### SUPPLIED DATA ###

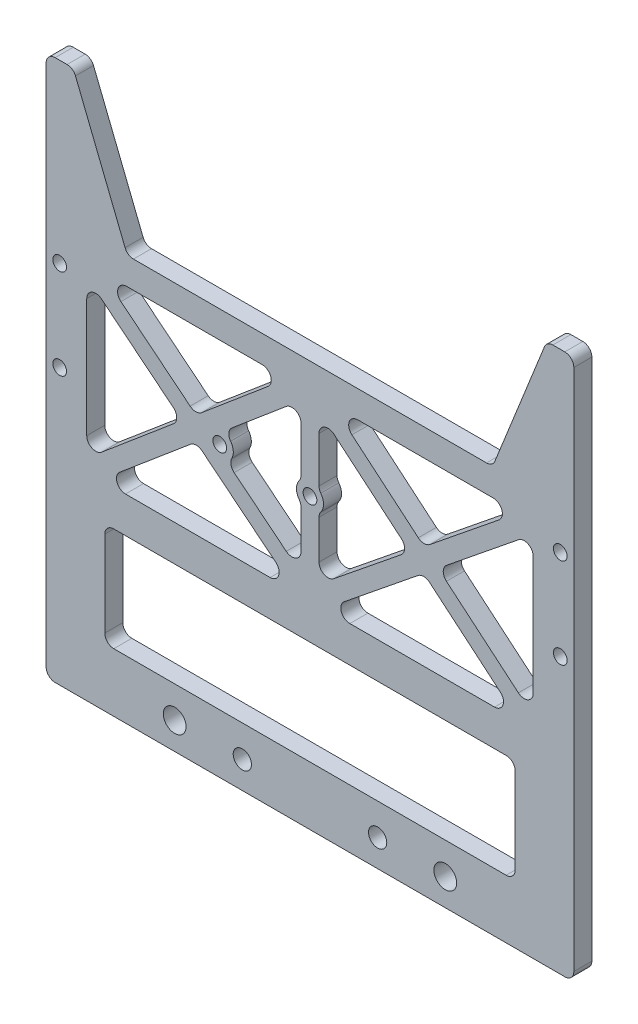
SolidWorks part; units mm, degrees
material "Thornel Mat VMA"
ref_plane "前视基准面" through (0, 0, 0) normal (0, 0, 1) x (1, 0, 0)
ref_plane "上视基准面" through (0, 0, 0) normal (0, 1, 0) x (1, 0, 0)
ref_plane "右视基准面" through (0, 0, 0) normal (1, 0, 0) x (0, 0, -1)
other "Configuration Table"
sketch "草图1" plane through (0, 0, 0) normal (0, 0, 1) x (1, 0, 0)
  line L1 (-58.5, -60) -> (58.5, -60)
  line L2 (-58.5, -60) -> (-58.5, 60)
  line L3 (-58.5, 60) -> (58.5, 60)
  line L4 (58.5, -60) -> (58.5, 60)
  line L5 (-58.5, -60) -> (58.5, 60) construction
  line L6 (-58.5, 60) -> (58.5, -60) construction
  point P0 (0, 0)
  dimension "D1" = 117
  dimension "D2" = 120
extrude "凸台-拉伸1" add sketch "草图1" along normal blind 4
sketch "草图2" [suppressed] plane through (0, 0, 4) normal (0, 0, 1) x (1, 0, 0)
  line L0 (-43.5, 60) -> (-28.5, 35)
  line L1 (58.5, 60) -> (-58.5, 60) construction
  line L2 (-28.5, 35) -> (28.5, 35)
  line L3 (28.5, 35) -> (43.5, 60)
  line L4 (43.5, 60) -> (-43.5, 60)
  line L5 (0, 60) -> (0, 35) construction
  line L6 (0, 35) -> (0, 0) construction
  line L7 (58.5, -60) -> (58.5, 60) construction
  dimension "D1" = 15
  dimension "D2" = 25
  dimension "D3" = 30
extrude "切除-拉伸1" [suppressed] cut sketch "草图2" against normal blind 10
sketch "草图3" [suppressed] plane through (0, 0, 4) normal (0, 0, 1) x (1, 0, 0)
  line L0 (48.5, -48) -> (48.5, -16.5) construction
  line L1 (-48.5, -16.5) -> (-48.5, -48) construction
  line L2 (48.5, -46) -> (48.5, -21)
  line L3 (-48.5, -21) -> (-48.5, -46)
  line L4 (48.5, -46) -> (-48.5, -46)
  line L5 (48.5, -21) -> (-48.5, -21)
  line L6 (-58.5, -60) -> (58.5, -60) construction
  dimension "D1" = 14
  dimension "D2" = 25
extrude "切除-拉伸2" [suppressed] cut sketch "草图3" against normal blind 10
sketch "草图4" plane through (0, 0, 0) normal (0, 0, -1) x (-1, 0, 0)
  line L0 (45.5, -47) -> (45.5, -24)
  line L1 (45.5, -24) -> (-45.5, -24)
  line L2 (-45.5, -24) -> (-45.5, -47)
  line L3 (-45.5, -47) -> (45.5, -47)
  line L4 (43.5, -45) -> (43.5, -26)
  line L5 (43.5, -26) -> (-43.5, -26)
  line L6 (-43.5, -26) -> (-43.5, -45)
  line L7 (-43.5, -45) -> (43.5, -45)
  line L8 (43.5, -45) -> (43.5, -26) construction
  line L9 (43.5, -26) -> (-43.5, -26) construction
  line L10 (-43.5, -26) -> (-43.5, -45) construction
  line L11 (-43.5, -45) -> (43.5, -45) construction
  dimension "D1" = 0
  dimension "D2" = 2
extrude "切除-拉伸3" cut sketch "草图4" against normal blind 10
sketch "草图5" plane through (0, 0, 4) normal (0, 0, 1) x (1, 0, 0)
  line L0 (-52.5, 60) -> (-40.5, 30)
  line L1 (58.5, 60) -> (-58.5, 60) construction
  line L2 (-40.5, 30) -> (40.5, 30)
  line L3 (40.5, 30) -> (52.5, 60)
  line L4 (52.5, 60) -> (-52.5, 60)
  line L5 (0, 60) -> (0, 30) construction
  line L6 (0, 30) -> (0, 0) construction
  line L7 (58.5, -60) -> (58.5, 60) construction
  dimension "D1" = 6
  dimension "D2" = 30
  dimension "D3" = 18
extrude "切除-拉伸4" cut sketch "草图5" against normal blind 10
sketch "草图6" plane through (0, 0, 0) normal (0, 0, -1) x (-1, 0, 0)
  circle A0 centre (-55.5, 1) radius 1.25 construction
  circle A1 centre (-55.5, 21) radius 1.25 construction
  circle A2 centre (-55.5, 1) radius 1.25 construction
  circle A3 centre (-55.5, 21) radius 1.25 construction
  circle A4 centre (-55.5, 21) radius 1.525
  circle A5 centre (-55.5, 1) radius 1.525
  dimension "D1" = 3.05
extrude "切除-拉伸5" cut sketch "草图6" against normal up to surface (4 mm away) up to face at (0, -35.5, 4)
mirror "镜向1" about plane through (0, 0, 0) normal (1, 0, 0) of "切除-拉伸5"
sketch "草图7" [suppressed] plane through (0, 0, 4) normal (0, 0, 1) x (1, 0, 0)
  circle A0 centre (-55.5, 2) radius 1.25 construction
  circle A1 centre (-55.5, 22) radius 1.25 construction
  circle A2 centre (-55.5, 2) radius 1.25 construction
  circle A3 centre (-55.5, 22) radius 1.25 construction
  circle A4 centre (-55.5, 22) radius 1.525
  circle A5 centre (-55.5, 2) radius 1.525
  dimension "D1" = 3.05
extrude "切除-拉伸6" [suppressed] cut sketch "草图7" against normal up to surface (4 mm away)
mirror "镜向2" [suppressed] about plane through (0, 0, 0) normal (1, 0, 0)
sketch "草图8" plane through (0, 0, 0) normal (0, 0, -1) x (-1, 0, 0)
  circle A0 centre (30, -54) radius 2 construction
  circle A1 centre (-30, -54) radius 2 construction
  circle A2 centre (30, -54) radius 2 construction
  circle A3 centre (-30, -54) radius 2 construction
  circle A4 centre (30, -54) radius 2.525
  circle A5 centre (-30, -54) radius 2.525
  dimension "D1" = 5.05
extrude "切除-拉伸7" cut sketch "草图8" against normal blind 40
fillet "圆角1" radius 2 12 edges at (58.5, 60, 2) (58.5, -60, 2) (-58.5, -60, 2) (-58.5, 60, 2) (-52.5, 60, 2) (-40.5, 30, 2) (40.5, 30, 2) (52.5, 60, 2) (-45.5, -24, 2) (-45.5, -47, 2) (45.5, -47, 2) (45.5, -24, 2)
fillet "圆角2" [suppressed] radius 3
sketch "草图9" [suppressed] plane through (0, 0, 0) normal (0, 0, -1) x (-1, 0, 0)
  line L0 (-26.8014, 35) -> (26.8014, 35) construction
  line L1 (-50.5, -13) -> (50.5, -13)
  line L2 (-50.5, -13) -> (-50.5, 29)
  line L3 (-50.5, 29) -> (50.5, 29)
  line L4 (50.5, -13) -> (50.5, 29)
  line L5 (-50.5, -13) -> (50.5, 29) construction
  line L6 (-50.5, 29) -> (50.5, -13) construction
  line L7 (45.5, -21) -> (-45.5, -21) construction
  line L8 (0, 8) -> (0, 0) construction
  line L9 (-51.2679, 27.1533) -> (49.7321, -14.8467)
  line L10 (-49.7321, -14.8467) -> (51.2679, 27.1533)
  line L11 (-49.7321, 30.8467) -> (51.2679, -11.1533)
  line L12 (-51.2679, -11.1533) -> (49.7321, 30.8467)
  line L13 (-51.2679, 27.1533) -> (-49.7321, 30.8467)
  line L14 (49.7321, -14.8467) -> (51.2679, -11.1533)
  line L15 (-49.7321, -14.8467) -> (-51.2679, -11.1533)
  line L16 (51.2679, 27.1533) -> (49.7321, 30.8467)
  circle A0 centre (55.5, 2) radius 1.525 construction
  point P0 (0, 8)
  dimension "D1" = 6
  dimension "D2" = 8
  dimension "D3" = 5
  dimension "D4" = 2
  dimension "D5" = 2
extrude "切除-拉伸8" [suppressed] cut sketch "草图9" against normal blind 78 contours L2 L12 L9 | L10 L1 L9 | L10 L11 L4 | L11 L12 L3
sketch "草图10" [suppressed] plane through (0, 0, 0) normal (0, 0, -1) x (-1, 0, 0)
  line L0 (0, 29) -> (0, -13) construction
  line L1 (-45.2912, 29) -> (45.2912, 29) construction
  line L2 (-45.2912, -13) -> (45.2912, -13) construction
  line L3 (-2, 29) -> (-2, -13)
  line L4 (2, 29) -> (2, -13)
  line L5 (-2, 29) -> (2, 29)
  line L6 (-2, -13) -> (2, -13)
  line L7 (-27.8544, 17.417) -> (-27.8544, -1.417)
  line L8 (-50.5, 26.834) -> (-5.2088, 8) construction
  line L9 (-50.5, -10.834) -> (-5.2088, 8) construction
  line L10 (-27.8544, 17.417) -> (-31.8544, 19.0804)
  line L11 (-31.8544, 19.0804) -> (-31.8544, -3.0804)
  line L12 (-31.8544, -3.0804) -> (-27.8544, -1.417)
  line L13 (27.8544, 17.417) -> (31.8544, 19.0804)
  line L14 (31.8544, 19.0804) -> (31.8544, -3.0804)
  line L15 (31.8544, -3.0804) -> (27.8544, -1.417)
  line L16 (27.8544, 17.417) -> (27.8544, -1.417)
  dimension "D3" = 4
  dimension "D1" = 2
  dimension "D2" = 2
extrude "凸台-拉伸2" [suppressed] add sketch "草图10" against normal up to surface (4 mm away)
sketch "草图11" [suppressed] plane through (0, 0, 4) normal (0, 0, 1) x (1, 0, 0)
  line L0 (46.331, 55) -> (33.731, 34)
  line L1 (33.731, 34) -> (52.5, 34)
  line L2 (52.5, 34) -> (52.5, 55)
  line L3 (52.5, 55) -> (46.331, 55)
  line L4 (58.5, -57) -> (58.5, 57) construction
  line L5 (55.5, 60) -> (45.1986, 60) construction
  line L6 (29.3739, 36.4565) -> (42.6261, 58.5435) construction
  line L7 (45.2912, 29) -> (2, 29) construction
  line L8 (0, 0) -> (0, 61.4622) construction
  line L9 (-52.5, 34) -> (-52.5, 55)
  line L10 (-33.731, 34) -> (-52.5, 34)
  line L11 (-46.331, 55) -> (-33.731, 34)
  line L12 (-52.5, 55) -> (-46.331, 55)
  dimension "D1" = 6
  dimension "D2" = 5
  dimension "D3" = 5
  dimension "D4" = 5
extrude "切除-拉伸9" [suppressed] cut sketch "草图11" against normal up to surface (4 mm away)
fillet "圆角3" [suppressed] radius 1.5
sketch "草图12" plane through (0, 0, 0) normal (0, 0, -1) x (-1, 0, 0)
  line L0 (43.5, -24) -> (-43.5, -24) construction
  line L1 (-49.5, -16) -> (49.5, -16)
  line L2 (-49.5, -16) -> (-49.5, 24)
  line L3 (-49.5, 24) -> (49.5, 24)
  line L4 (49.5, -16) -> (49.5, 24)
  line L5 (-39.1459, 30) -> (39.1459, 30) construction
  line L6 (-49.5, 24) -> (0, -16) construction
  line L7 (0, -16) -> (49.5, 24) construction
  line L8 (0, 24) -> (0, -16) construction
  line L9 (-50.757, 22.4444) -> (-1.257, -17.5556)
  line L10 (-2, 24) -> (-2, -16)
  line L11 (1.257, -17.5556) -> (50.757, 22.4444)
  line L12 (-48.243, 25.5556) -> (1.257, -14.4444)
  line L13 (2, 24) -> (2, -16)
  line L14 (-1.257, -14.4444) -> (48.243, 25.5556)
  circle A0 centre (55.5, 21) radius 1.525 construction
  circle A1 centre (-55.5, 21) radius 1.525 construction
  dimension "D1" = 6
  dimension "D2" = 6
  dimension "D3" = 8
  dimension "D4" = 6
  dimension "D5" = 2
  dimension "D6" = 2
extrude "切除-拉伸10" cut sketch "草图12" against normal up to surface (4 mm away) contours L11 L1 L4 | L13 L14 L3 | L3 L12 L10 | L9 L2 L1 up to face at (-32.525, -54, 4)
sketch "草图15" plane through (0, 0, 4) normal (0, 0, 1) x (1, 0, 0)
  line L0 (-2, 24) -> (-49.5, -16) construction
  line L1 (2, 24) -> (49.5, -16) construction
  line L2 (-3.2883, 25.5298) -> (-50.7883, -14.4702)
  line L3 (0.7117, 22.4702) -> (48.2117, -17.5298)
  line L4 (-0.7117, 22.4702) -> (-48.2117, -17.5298)
  line L5 (3.2883, 25.5298) -> (50.7883, -14.4702)
  line L6 (-3.2883, 25.5298) -> (-0.7117, 22.4702)
  line L7 (-50.7883, -14.4702) -> (-48.2117, -17.5298)
  line L8 (0.7117, 22.4702) -> (3.2883, 25.5298)
  line L9 (48.2117, -17.5298) -> (50.7883, -14.4702)
  dimension "D1" = 2
  dimension "D2" = 2
extrude "凸台-拉伸4" add sketch "草图15" against normal up to surface (4 mm away) up to face at (-16.7726, 12.0625, 0)
fillet "圆角4" radius 2 24 edges at (-46.3951, -16, 2) (-3.1821, -16, 2) (-25.2341, 1.8198, 2) (-22.1176, 4.4442, 2) (-2, -11.8125, 2) (-2, 21.3853, 2) (-5.1049, 24, 2) (-46.3179, 24, 2) (-25.2866, 7.005, 2) (-28.403, 4.3806, 2) (-49.5, 21.4286, 2) (-49.5, -13.3853, 2) (49.5, -13.3853, 2) (49.5, 21.4286, 2) (28.403, 4.3806, 2) (25.2866, 7.005, 2) (46.3179, 24, 2) (5.1049, 24, 2) (2, 21.3853, 2) (2, -11.8125, 2) (22.1176, 4.4442, 2) (3.1821, -16, 2) (25.2341, 1.8198, 2) (46.3951, -16, 2)
sketch "草图16" [suppressed] plane through (0, 0, 4) normal (0, 0, 1) x (1, 0, 0)
  circle A0 centre (5, 4) radius 1.25 construction
  circle A1 centre (-15, 4) radius 1.25 construction
  circle A2 centre (5, 4) radius 1.25 construction
  circle A3 centre (-15, 4) radius 1.25 construction
  circle A4 centre (-15, 4) radius 3
  circle A5 centre (5, 4) radius 3
  dimension "D1" = 6
extrude "凸台-拉伸5" [suppressed] add sketch "草图16" against normal up to surface (4 mm away)
sketch "草图17" [suppressed] plane through (0, 0, 0) normal (0, 0, -1) x (-1, 0, 0)
  circle A0 centre (-5, 4) radius 1.525
  circle A1 centre (15, 4) radius 1.525
  dimension "D1" = 3.05
extrude "切除-拉伸11" [suppressed] cut sketch "草图17" against normal up to surface (4 mm away)
fillet "圆角5" [suppressed] radius 2
sketch "草图18" plane through (0, 0, 0) normal (0, 0, -1) x (-1, 0, 0)
  circle A0 centre (20, 4) radius 1.25 construction
  circle A1 centre (0, 4) radius 1.25 construction
  circle A2 centre (20, 4) radius 1.25 construction
  circle A3 centre (0, 4) radius 1.25 construction
  circle A4 centre (20, 4) radius 3
  dimension "D1" = 6
extrude "凸台-拉伸6" add sketch "草图18" against normal up to surface (4 mm away) up to face at (24.9948, -9.3021, 4)
sketch "草图19" plane through (0, 0, 4) normal (0, 0, 1) x (1, 0, 0)
  circle A0 centre (0, 4) radius 1.525
  circle A1 centre (-20, 4) radius 1.525
  dimension "D1" = 3.05
extrude "切除-拉伸12" cut sketch "草图19" against normal up to surface (4 mm away) up to face at (-8.2351, 4.5874, 0)
sketch "草图20" plane through (0, 0, 0) normal (0, 0, -1) x (-1, 0, 0)
  circle A0 centre (0, 4) radius 3
  circle A1 centre (0, 4) radius 1.525 construction
  circle A2 centre (0, 4) radius 1.525
  dimension "D1" = 6
extrude "凸台-拉伸7" add sketch "草图20" against normal up to surface (4 mm away) up to face at (1.525, 4, 4)
fillet "圆角6" radius 2 6 edges at (-2, 6.2361, 2) (-2, 1.7639, 2) (2, 1.7639, 2) (2, 6.2361, 2) (-19.2087, 6.8938, 2) (-18.4155, 1.4526, 2)
sketch "草图21" plane through (0, 0, 4) normal (0, 0, 1) x (1, 0, 0)
  line L0 (-30, -54) -> (30, -54) construction
  line L1 (0, -54) -> (0, -60) construction
  line L2 (-56.5, -60) -> (56.5, -60) construction
  circle A0 centre (-15, -54) radius 2.025
  circle A1 centre (15, -54) radius 2.025
  dimension "D1" = 4.05
  dimension "D2" = 30
extrude "切除-拉伸13" cut sketch "草图21" against normal blind 10

###

WORK REQUEST:
Tally how many lines of the records hold the word "about". Answer with the number only.

COMPLETED TASK:
2